Output is stored in /var/vcap/packages/fezzik/src/github.com/cloudfoundry-incubator/fezzik/reports.json
Running Cedar
Automatically Running 10 Batches of Cedar (Preferred)
The steps mentioned in the previous section are automated by the
./cedar_script. The script will push 10 batches of apps each in its own
spaces. Details below on how to run it:
Run cd /var/vcap/jobs/cedar/bin.
Run the following command to run the experiment:
./cedar_script
To resume the experiment from the nth batch (where n is a number from 1
to 10), add n as an argument to the script. For example, to run from the
fourth batch:
./cedar_script 4
Note: if the spaces are already present from a previous run of the script,
the script will not fail and will instead continue to push to those existing
spaces. Manually delete spaces or the entire CF org if required.

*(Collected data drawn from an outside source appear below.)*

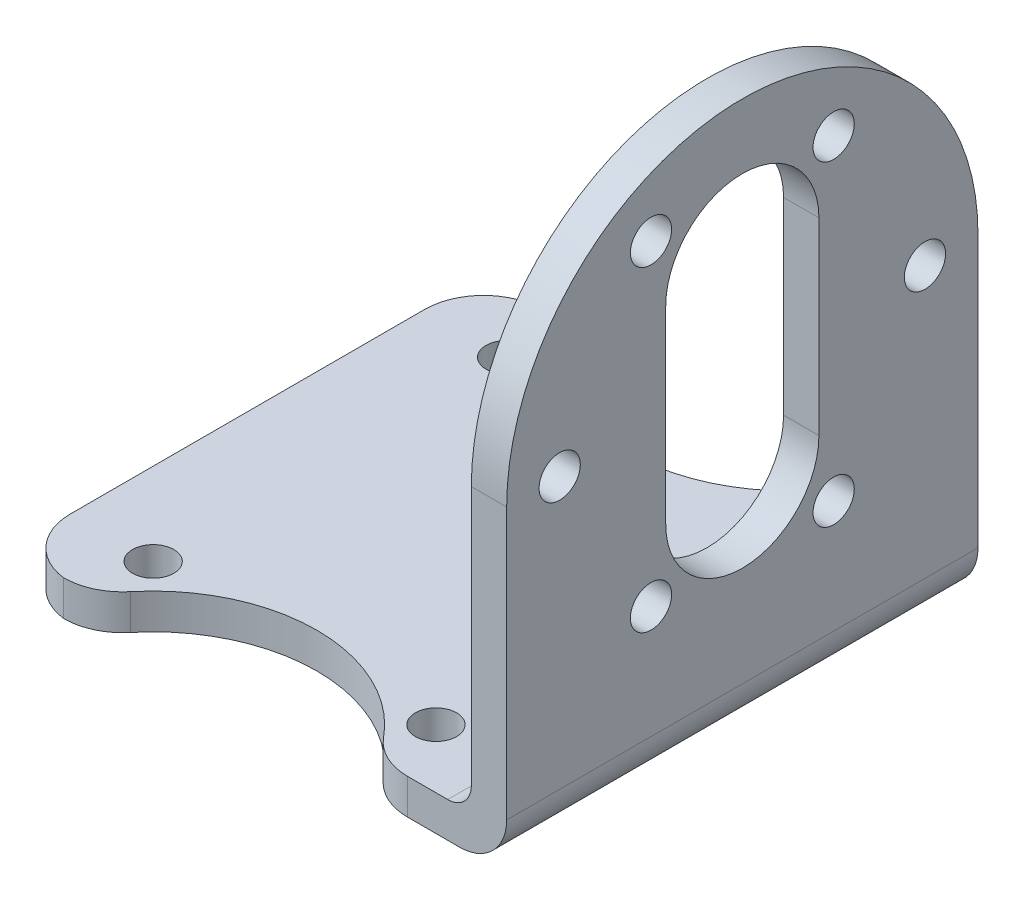
ISO-10303-21;
HEADER;
FILE_DESCRIPTION(('STEP AP214'),'2;1');
FILE_NAME('part.step','',(''),(''),'','','');
FILE_SCHEMA(('AUTOMOTIVE_DESIGN { 1 0 10303 214 1 1 1 1 }'));
ENDSEC;
DATA;
#1=APPLICATION_CONTEXT('core data for automotive mechanical design processes');
#2=APPLICATION_PROTOCOL_DEFINITION('international standard','automotive_design',2000,#1);
#3=PRODUCT_CONTEXT('',#1,'mechanical');
#4=PRODUCT('Part','Part','',(#3));
#5=PRODUCT_RELATED_PRODUCT_CATEGORY('part','',(#4));
#6=PRODUCT_DEFINITION_FORMATION('','',#4);
#7=PRODUCT_DEFINITION_CONTEXT('part definition',#1,'design');
#8=PRODUCT_DEFINITION('design','',#6,#7);
#9=PRODUCT_DEFINITION_SHAPE('','',#8);
#10=(LENGTH_UNIT() NAMED_UNIT(*) SI_UNIT(.MILLI.,.METRE.));
#11=(NAMED_UNIT(*) PLANE_ANGLE_UNIT() SI_UNIT($,.RADIAN.));
#12=(NAMED_UNIT(*) SI_UNIT($,.STERADIAN.) SOLID_ANGLE_UNIT());
#13=UNCERTAINTY_MEASURE_WITH_UNIT(LENGTH_MEASURE(1.E-05),#10,'distance_accuracy_value','');
#14=(GEOMETRIC_REPRESENTATION_CONTEXT(3) GLOBAL_UNCERTAINTY_ASSIGNED_CONTEXT((#13)) GLOBAL_UNIT_ASSIGNED_CONTEXT((#10,
#11,#12)) REPRESENTATION_CONTEXT('',''));
#15=CARTESIAN_POINT('',(0.,0.,0.));
#16=DIRECTION('',(0.,0.,1.));
#17=DIRECTION('',(1.,0.,0.));
#18=AXIS2_PLACEMENT_3D('',#15,#16,#17);
#19=CARTESIAN_POINT('',(-3.,0.,0.));
#20=DIRECTION('',(1.,0.,0.));
#21=DIRECTION('',(0.,0.,-1.));
#22=AXIS2_PLACEMENT_3D('',#19,#20,#21);
#23=PLANE('',#22);
#24=CARTESIAN_POINT('',(-3.,0.,15.5));
#25=DIRECTION('',(1.,0.,0.));
#26=DIRECTION('',(0.,0.,-1.));
#27=AXIS2_PLACEMENT_3D('',#24,#25,#26);
#28=CIRCLE('',#27,1.75);
#29=CARTESIAN_POINT('',(-3.,0.,13.75));
#30=VERTEX_POINT('',#29);
#31=EDGE_CURVE('E228',#30,#30,#28,.T.);
#32=ORIENTED_EDGE('',*,*,#31,.T.);
#33=EDGE_LOOP('',(#32));
#34=FACE_BOUND('',#33,.T.);
#35=CARTESIAN_POINT('',(-3.,13.4233937586588,7.74999999999997));
#36=DIRECTION('',(1.,0.,0.));
#37=DIRECTION('',(0.,0.,-1.));
#38=AXIS2_PLACEMENT_3D('',#35,#36,#37);
#39=CIRCLE('',#38,1.75);
#40=CARTESIAN_POINT('',(-3.,13.4233937586588,5.99999999999997));
#41=VERTEX_POINT('',#40);
#42=EDGE_CURVE('E225',#41,#41,#39,.T.);
#43=ORIENTED_EDGE('',*,*,#42,.T.);
#44=EDGE_LOOP('',(#43));
#45=FACE_BOUND('',#44,.T.);
#46=CARTESIAN_POINT('',(-3.,13.4233937586588,-7.75000000000006));
#47=DIRECTION('',(1.,0.,0.));
#48=DIRECTION('',(0.,0.,-1.));
#49=AXIS2_PLACEMENT_3D('',#46,#47,#48);
#50=CIRCLE('',#49,1.75);
#51=CARTESIAN_POINT('',(-3.,13.4233937586588,-9.50000000000006));
#52=VERTEX_POINT('',#51);
#53=EDGE_CURVE('E222',#52,#52,#50,.T.);
#54=ORIENTED_EDGE('',*,*,#53,.T.);
#55=EDGE_LOOP('',(#54));
#56=FACE_BOUND('',#55,.T.);
#57=CARTESIAN_POINT('',(-3.,-1.08235921504137E-13,-15.5));
#58=DIRECTION('',(1.,0.,0.));
#59=DIRECTION('',(0.,0.,-1.));
#60=AXIS2_PLACEMENT_3D('',#57,#58,#59);
#61=CIRCLE('',#60,1.75);
#62=CARTESIAN_POINT('',(-3.,-1.08235921504137E-13,-17.25));
#63=VERTEX_POINT('',#62);
#64=EDGE_CURVE('E219',#63,#63,#61,.T.);
#65=ORIENTED_EDGE('',*,*,#64,.T.);
#66=EDGE_LOOP('',(#65));
#67=FACE_BOUND('',#66,.T.);
#68=CARTESIAN_POINT('',(-3.,-13.4233937586589,-7.74999999999987));
#69=DIRECTION('',(1.,0.,0.));
#70=DIRECTION('',(0.,0.,-1.));
#71=AXIS2_PLACEMENT_3D('',#68,#69,#70);
#72=CIRCLE('',#71,1.75);
#73=CARTESIAN_POINT('',(-3.,-13.4233937586589,-9.49999999999988));
#74=VERTEX_POINT('',#73);
#75=EDGE_CURVE('E216',#74,#74,#72,.T.);
#76=ORIENTED_EDGE('',*,*,#75,.T.);
#77=EDGE_LOOP('',(#76));
#78=FACE_BOUND('',#77,.T.);
#79=CARTESIAN_POINT('',(-3.,-13.4233937586587,7.75000000000016));
#80=DIRECTION('',(1.,0.,0.));
#81=DIRECTION('',(0.,0.,-1.));
#82=AXIS2_PLACEMENT_3D('',#79,#80,#81);
#83=CIRCLE('',#82,1.75);
#84=CARTESIAN_POINT('',(-3.,-13.4233937586587,6.00000000000015));
#85=VERTEX_POINT('',#84);
#86=EDGE_CURVE('E213',#85,#85,#83,.T.);
#87=ORIENTED_EDGE('',*,*,#86,.T.);
#88=EDGE_LOOP('',(#87));
#89=FACE_BOUND('',#88,.T.);
#90=CARTESIAN_POINT('',(-3.,8.,0.));
#91=DIRECTION('',(1.,0.,0.));
#92=DIRECTION('',(0.,0.,-1.));
#93=AXIS2_PLACEMENT_3D('',#90,#91,#92);
#94=CIRCLE('',#93,6.5);
#95=CARTESIAN_POINT('',(-3.,8.,-6.5));
#96=VERTEX_POINT('',#95);
#97=CARTESIAN_POINT('',(-3.,8.,6.5));
#98=VERTEX_POINT('',#97);
#99=EDGE_CURVE('E179',#96,#98,#94,.T.);
#100=ORIENTED_EDGE('',*,*,#99,.T.);
#101=DIRECTION('',(0.,1.,0.));
#102=VECTOR('',#101,1.);
#103=CARTESIAN_POINT('',(-3.,0.,6.5));
#104=LINE('',#103,#102);
#105=CARTESIAN_POINT('',(-3.,-8.,6.5));
#106=VERTEX_POINT('',#105);
#107=EDGE_CURVE('E211',#106,#98,#104,.T.);
#108=ORIENTED_EDGE('',*,*,#107,.F.);
#109=CARTESIAN_POINT('',(-3.,-8.,0.));
#110=DIRECTION('',(1.,0.,0.));
#111=DIRECTION('',(0.,0.,-1.));
#112=AXIS2_PLACEMENT_3D('',#109,#110,#111);
#113=CIRCLE('',#112,6.5);
#114=CARTESIAN_POINT('',(-3.,-8.,-6.5));
#115=VERTEX_POINT('',#114);
#116=EDGE_CURVE('E182',#106,#115,#113,.T.);
#117=ORIENTED_EDGE('',*,*,#116,.T.);
#118=DIRECTION('',(0.,1.,0.));
#119=VECTOR('',#118,1.);
#120=CARTESIAN_POINT('',(-3.,0.,-6.5));
#121=LINE('',#120,#119);
#122=EDGE_CURVE('E175',#115,#96,#121,.T.);
#123=ORIENTED_EDGE('',*,*,#122,.T.);
#124=EDGE_LOOP('',(#100,#108,#117,#123));
#125=FACE_BOUND('',#124,.T.);
#126=DIRECTION('',(0.,-1.,0.));
#127=VECTOR('',#126,1.);
#128=CARTESIAN_POINT('',(-3.,0.,-20.));
#129=LINE('',#128,#127);
#130=CARTESIAN_POINT('',(-3.,0.,-20.));
#131=VERTEX_POINT('',#130);
#132=CARTESIAN_POINT('',(-3.,-22.,-20.));
#133=VERTEX_POINT('',#132);
#134=EDGE_CURVE('E196',#131,#133,#129,.T.);
#135=ORIENTED_EDGE('',*,*,#134,.T.);
#136=DIRECTION('',(0.,0.,-1.));
#137=VECTOR('',#136,1.);
#138=CARTESIAN_POINT('',(-3.,-22.,20.));
#139=LINE('',#138,#137);
#140=CARTESIAN_POINT('',(-3.,-22.,20.));
#141=VERTEX_POINT('',#140);
#142=EDGE_CURVE('E60',#133,#141,#139,.F.);
#143=ORIENTED_EDGE('',*,*,#142,.T.);
#144=DIRECTION('',(0.,-1.,0.));
#145=VECTOR('',#144,1.);
#146=CARTESIAN_POINT('',(-3.,0.,20.));
#147=LINE('',#146,#145);
#148=CARTESIAN_POINT('',(-3.,0.,20.));
#149=VERTEX_POINT('',#148);
#150=EDGE_CURVE('E234',#149,#141,#147,.T.);
#151=ORIENTED_EDGE('',*,*,#150,.F.);
#152=CARTESIAN_POINT('',(-3.,0.,0.));
#153=DIRECTION('',(1.,0.,0.));
#154=DIRECTION('',(0.,0.,-1.));
#155=AXIS2_PLACEMENT_3D('',#152,#153,#154);
#156=CIRCLE('',#155,20.);
#157=EDGE_CURVE('E231',#131,#149,#156,.T.);
#158=ORIENTED_EDGE('',*,*,#157,.F.);
#159=EDGE_LOOP('',(#135,#143,#151,#158));
#160=FACE_BOUND('',#159,.T.);
#161=ADVANCED_FACE('F39',(#34,#45,#56,#67,#78,#89,#125,#160),#23,.F.);
#162=CARTESIAN_POINT('',(-3.,0.,0.));
#163=DIRECTION('',(1.,0.,0.));
#164=DIRECTION('',(0.,0.,-1.));
#165=AXIS2_PLACEMENT_3D('',#162,#163,#164);
#166=CYLINDRICAL_SURFACE('',#165,20.);
#167=CARTESIAN_POINT('',(0.,0.,0.));
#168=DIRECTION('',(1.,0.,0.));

This script also then pushes an extra batch of apps via cedar
and monitors them with arborist. The file
/var/vcap/sys/log/cedar/cedar-arborist-output.json
contains the results from that cedar run, and the file
/var/vcap/sys/log/arborist/arborist-output.json
contains the arborist results.
The script will also output the min/max timestamp for each batch in
/var/vcap/data/cedar/min-<batch#>.json and
/var/vcap/data/cedar/max-<batch#>.json.
Running Cedar from a BOSH deployment
Run ./scripts/generate-deployment-manifest and deploy diego-perf-release
with the generated manifest. If on BOSH-Lite, you can use
./scripts/generate-bosh-lite-manifests.
Run bosh ssh to SSH to the cedar VM in the cf-warden-diego-perf deployment.
Run sudo su.
Run the following commands:
# put the CF CLI on the PATH
export PATH=/var/vcap/packages/cf-cli/bin:$PATH
# target CF and create an org and space for the apps
cf api api.bosh-lite.com --skip-ssl-validation
cf auth admin admin
cf create-org o
cf create-space cedar -o o
cf target -o o -s cedar
cd /var/vcap/packages/cedar
/var/vcap/packages/cedar/bin/cedar \
-n 1 \
-k 2 \
-payload /var/vcap/packages/cedar/assets/temp-app \
-config /var/vcap/packages/cedar/config.json \
-domain bosh-lite.com \
&
Running Cedar Locally
Target a CF deployment.
Target a chosen org and space.
From the root of this repo, run cd src/code.cloudfoundry.org/diego-stress-tests/cedar/assets/stress-app.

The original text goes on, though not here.